[The data Boundary: Start]
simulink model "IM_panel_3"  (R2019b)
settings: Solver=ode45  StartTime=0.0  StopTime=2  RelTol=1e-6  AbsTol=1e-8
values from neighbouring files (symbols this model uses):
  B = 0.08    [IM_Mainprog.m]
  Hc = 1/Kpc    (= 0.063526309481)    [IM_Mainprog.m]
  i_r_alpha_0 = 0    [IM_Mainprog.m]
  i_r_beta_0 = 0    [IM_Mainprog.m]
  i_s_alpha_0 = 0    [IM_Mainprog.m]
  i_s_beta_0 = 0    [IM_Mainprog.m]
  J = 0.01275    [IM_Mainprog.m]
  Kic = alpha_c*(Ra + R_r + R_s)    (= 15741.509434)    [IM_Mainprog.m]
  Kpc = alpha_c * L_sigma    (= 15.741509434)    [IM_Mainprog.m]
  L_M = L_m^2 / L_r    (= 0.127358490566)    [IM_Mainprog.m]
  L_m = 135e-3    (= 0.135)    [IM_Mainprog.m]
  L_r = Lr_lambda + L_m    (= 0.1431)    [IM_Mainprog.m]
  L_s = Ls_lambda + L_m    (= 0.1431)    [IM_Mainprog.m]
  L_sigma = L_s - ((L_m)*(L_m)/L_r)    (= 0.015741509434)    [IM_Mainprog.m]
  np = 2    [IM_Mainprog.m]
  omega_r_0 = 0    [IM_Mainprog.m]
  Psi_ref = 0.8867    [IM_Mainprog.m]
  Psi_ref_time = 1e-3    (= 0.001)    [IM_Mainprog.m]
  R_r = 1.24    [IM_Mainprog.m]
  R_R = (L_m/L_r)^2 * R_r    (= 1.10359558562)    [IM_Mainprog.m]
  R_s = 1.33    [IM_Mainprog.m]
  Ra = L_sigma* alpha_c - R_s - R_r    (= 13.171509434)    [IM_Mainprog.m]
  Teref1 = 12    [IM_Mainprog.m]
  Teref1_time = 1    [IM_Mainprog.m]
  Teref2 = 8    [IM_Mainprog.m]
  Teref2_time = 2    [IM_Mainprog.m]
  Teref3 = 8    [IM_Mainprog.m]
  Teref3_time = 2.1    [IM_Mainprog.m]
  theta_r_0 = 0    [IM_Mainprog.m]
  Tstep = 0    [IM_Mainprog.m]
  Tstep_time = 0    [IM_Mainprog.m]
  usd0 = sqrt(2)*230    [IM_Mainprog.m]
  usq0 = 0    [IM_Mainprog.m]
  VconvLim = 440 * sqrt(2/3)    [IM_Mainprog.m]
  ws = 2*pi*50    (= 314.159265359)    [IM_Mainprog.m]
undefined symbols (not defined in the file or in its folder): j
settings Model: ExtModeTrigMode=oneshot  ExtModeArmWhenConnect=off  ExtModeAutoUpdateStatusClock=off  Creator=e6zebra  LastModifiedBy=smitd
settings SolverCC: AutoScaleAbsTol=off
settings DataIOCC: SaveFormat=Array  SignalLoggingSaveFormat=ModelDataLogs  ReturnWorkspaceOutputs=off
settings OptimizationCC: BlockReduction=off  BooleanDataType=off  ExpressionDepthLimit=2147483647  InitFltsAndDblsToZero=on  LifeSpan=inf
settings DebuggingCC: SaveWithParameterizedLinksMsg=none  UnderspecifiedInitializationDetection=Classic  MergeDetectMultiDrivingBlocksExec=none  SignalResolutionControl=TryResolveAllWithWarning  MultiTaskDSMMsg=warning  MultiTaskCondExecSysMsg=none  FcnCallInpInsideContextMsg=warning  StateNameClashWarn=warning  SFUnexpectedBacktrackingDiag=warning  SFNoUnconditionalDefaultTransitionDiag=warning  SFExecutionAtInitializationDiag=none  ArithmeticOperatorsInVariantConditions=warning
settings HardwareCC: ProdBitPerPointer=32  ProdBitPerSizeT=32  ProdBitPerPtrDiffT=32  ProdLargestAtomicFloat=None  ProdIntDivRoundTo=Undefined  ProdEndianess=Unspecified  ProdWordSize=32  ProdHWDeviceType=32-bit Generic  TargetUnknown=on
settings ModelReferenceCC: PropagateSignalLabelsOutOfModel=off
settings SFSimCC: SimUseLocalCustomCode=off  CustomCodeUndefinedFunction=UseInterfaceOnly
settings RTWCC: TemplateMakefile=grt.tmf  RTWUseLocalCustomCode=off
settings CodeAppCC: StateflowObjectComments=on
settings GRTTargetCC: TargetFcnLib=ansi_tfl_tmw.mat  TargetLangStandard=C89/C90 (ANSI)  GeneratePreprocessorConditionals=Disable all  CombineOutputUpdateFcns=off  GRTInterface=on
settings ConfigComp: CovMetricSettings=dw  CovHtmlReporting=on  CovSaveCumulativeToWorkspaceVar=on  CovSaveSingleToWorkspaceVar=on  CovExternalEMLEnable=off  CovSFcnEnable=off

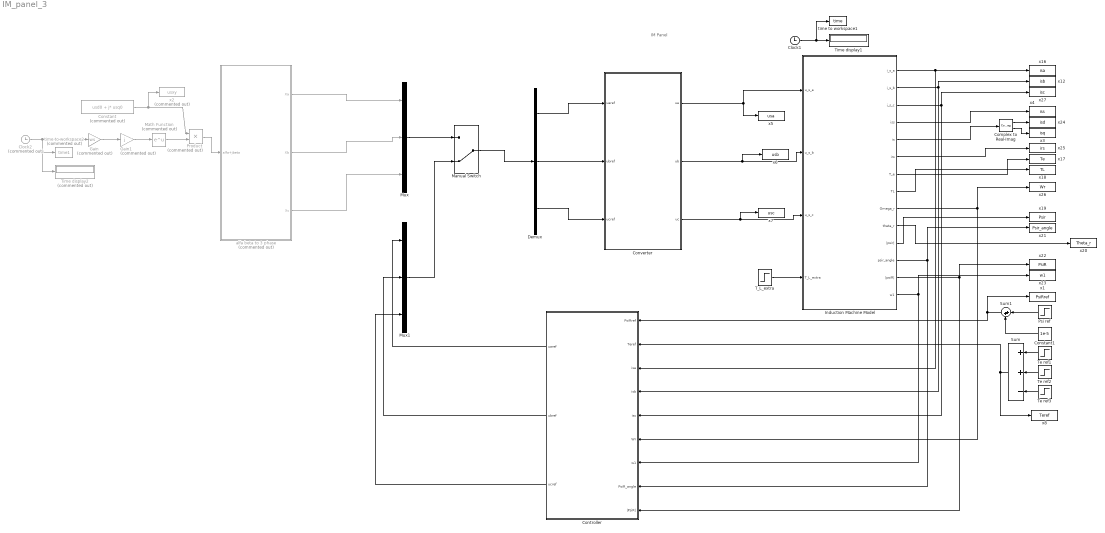
== system IM_panel_3 ==
  note: IM Panel
  Clock1 : Clock
  Clock2 : Clock  Commented=on
  Complex to Real-Imag : ComplexToRealImag
  Constant : Constant  Commented=on  Value=usd0 + j* usq0
  Constant1 : Constant  Value=1e-5
  Controller : Subsystem
  Converter : Subsystem
  Demux : Demux  Outputs=3
  Gain : Gain  Commented=on  Gain=ws
  Gain1 : Gain  Commented=on  Gain=j
  Induction Machine Model : Subsystem
  Manual Switch : ManualSwitch  CurrentSetting=0
  Math Function : Math  Commented=on  SignedPower=off  SaturateOnIntegerOverflow=on
  Mux : Mux  Inputs=3
  Mux1 : Mux  Inputs=3
  Product : Product  Commented=on
  Psi ref : Step  Time=Psi_ref_time  After=Psi_ref  SampleTime=0
  Sum : Sum  Inputs=++-
  Sum1 : Sum  Inputs=|++
  T_L_extra : Step  Time=Tstep_time  After=Tstep  SampleTime=0
  Te ref1 : Step  Time=Teref1_time  After=Teref1  SampleTime=0
  Te ref2 : Step  Time=Teref2_time  After=Teref2  SampleTime=0
  Te ref3 : Step  Time=Teref3_time  After=Teref3  SampleTime=0
  Time display1 : Display
  Time display2 : Display  Commented=on
  alfa beta to 3 phase : Subsystem  Commented=on
  time to workspace1 : ToWorkspace  VariableName=time  SampleTime=-1
  time to workspace2 : ToWorkspace  Commented=on  VariableName=time1  SampleTime=-1
  x1 : ToWorkspace  VariableName=PsiRref  SampleTime=-1
  x12 : ToWorkspace  VariableName=isb  SampleTime=-1
  x16 : ToWorkspace  VariableName=isa  SampleTime=-1
  x17 : ToWorkspace  VariableName=Te  SampleTime=-1
  x18 : ToWorkspace  VariableName=TL  SampleTime=-1
  x19 : ToWorkspace  VariableName=Psir  SampleTime=-1
  x2 : ToWorkspace  Commented=on  VariableName=usxy  SampleTime=-1
  x20 : ToWorkspace  VariableName=Theta_r  SampleTime=-1
  x21 : ToWorkspace  VariableName=Psir_angle  SampleTime=-1
  x22 : ToWorkspace  VariableName=PsiR  SampleTime=-1
  x23 : ToWorkspace  VariableName=w1  SampleTime=-1
  x24 : ToWorkspace  VariableName=isd  SampleTime=-1
  x25 : ToWorkspace  VariableName=irs  SampleTime=-1
  x26 : ToWorkspace  VariableName=Wr  SampleTime=-1
  x27 : ToWorkspace  VariableName=isc  SampleTime=-1
  x3 : ToWorkspace  VariableName=isq  SampleTime=-1
  x4 : ToWorkspace  VariableName=iss  SampleTime=-1
  x5 : ToWorkspace  VariableName=usa  SampleTime=-1
  x6 : ToWorkspace  VariableName=usb  SampleTime=-1
  x7 : ToWorkspace  VariableName=usc  SampleTime=-1
  x8 : ToWorkspace  VariableName=Teref  SampleTime=-1
  wires:
  Te ref1/1 -> Sum/1
  Te ref2/1 -> Sum/2
  Te ref3/1 -> Sum/3
  Sum/1 -> Controller/2(Teref), x8/1
  Clock1/1 -> time to workspace1/1, Time display1/1
  Converter/2(ub) -> x6/1, Induction Machine Model/2(u_s_b)
  Induction Machine Model/14(w1) -> Controller/7(w1), x23/1
  Induction Machine Model/11(|psir|) -> x19/1
  Induction Machine Model/12(psir_angle) -> Controller/8(PsiR_angle), x21/1
  Induction Machine Model/13(|psiR|) -> Controller/9(|PsiR|), x22/1
  Induction Machine Model/10(theta_r) -> x20/1
  Induction Machine Model/4(iss) -> x4/1
  Induction Machine Model/9(Omega_r) -> Controller/6(Wr), x26/1
  Converter/3(uc) -> x7/1, Induction Machine Model/3(u_s_c)
  Induction Machine Model/7(T_e) -> x17/1
  Induction Machine Model/6(irs) -> x25/1
  Converter/1(ua) -> Induction Machine Model/1(u_s_a), x5/1
  Induction Machine Model/8(TL) -> x18/1
  T_L_extra/1 -> Induction Machine Model/4(T_L_extra)
  Induction Machine Model/1(i_s_a) -> Controller/3(isa), x16/1
  Induction Machine Model/2(i_s_b) -> Controller/4(isb), x12/1
  Induction Machine Model/3(i_s_c) -> Controller/5(isc), x27/1
  Gain/1 -> Gain1/1
  Clock2/1 -> Time display2/1, time to workspace2/1, Gain/1
  Product/1 -> alfa beta to 3 phase/1(alfa+jbeta)
  Gain1/1 -> Math Function/1
  Math Function/1 -> Product/2
  Constant/1 -> Product/1, x2/1
  Complex to Real-Imag/1 -> x24/1
  Complex to Real-Imag/2 -> x3/1
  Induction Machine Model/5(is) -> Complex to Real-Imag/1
[The data Boundary: End]
Your assignment: The entries above hold the needed span. Transcribe exactly the lines from the one with "Induction Machine Model : Subsystem" to the one with "x17 : ToWorkspace", both included.

Task response:
  Induction Machine Model : Subsystem
  Manual Switch : ManualSwitch  CurrentSetting=0
  Math Function : Math  Commented=on  SignedPower=off  SaturateOnIntegerOverflow=on
  Mux : Mux  Inputs=3
  Mux1 : Mux  Inputs=3
  Product : Product  Commented=on
  Psi ref : Step  Time=Psi_ref_time  After=Psi_ref  SampleTime=0
  Sum : Sum  Inputs=++-
  Sum1 : Sum  Inputs=|++
  T_L_extra : Step  Time=Tstep_time  After=Tstep  SampleTime=0
  Te ref1 : Step  Time=Teref1_time  After=Teref1  SampleTime=0
  Te ref2 : Step  Time=Teref2_time  After=Teref2  SampleTime=0
  Te ref3 : Step  Time=Teref3_time  After=Teref3  SampleTime=0
  Time display1 : Display
  Time display2 : Display  Commented=on
  alfa beta to 3 phase : Subsystem  Commented=on
  time to workspace1 : ToWorkspace  VariableName=time  SampleTime=-1
  time to workspace2 : ToWorkspace  Commented=on  VariableName=time1  SampleTime=-1
  x1 : ToWorkspace  VariableName=PsiRref  SampleTime=-1
  x12 : ToWorkspace  VariableName=isb  SampleTime=-1
  x16 : ToWorkspace  VariableName=isa  SampleTime=-1
  x17 : ToWorkspace  VariableName=Te  SampleTime=-1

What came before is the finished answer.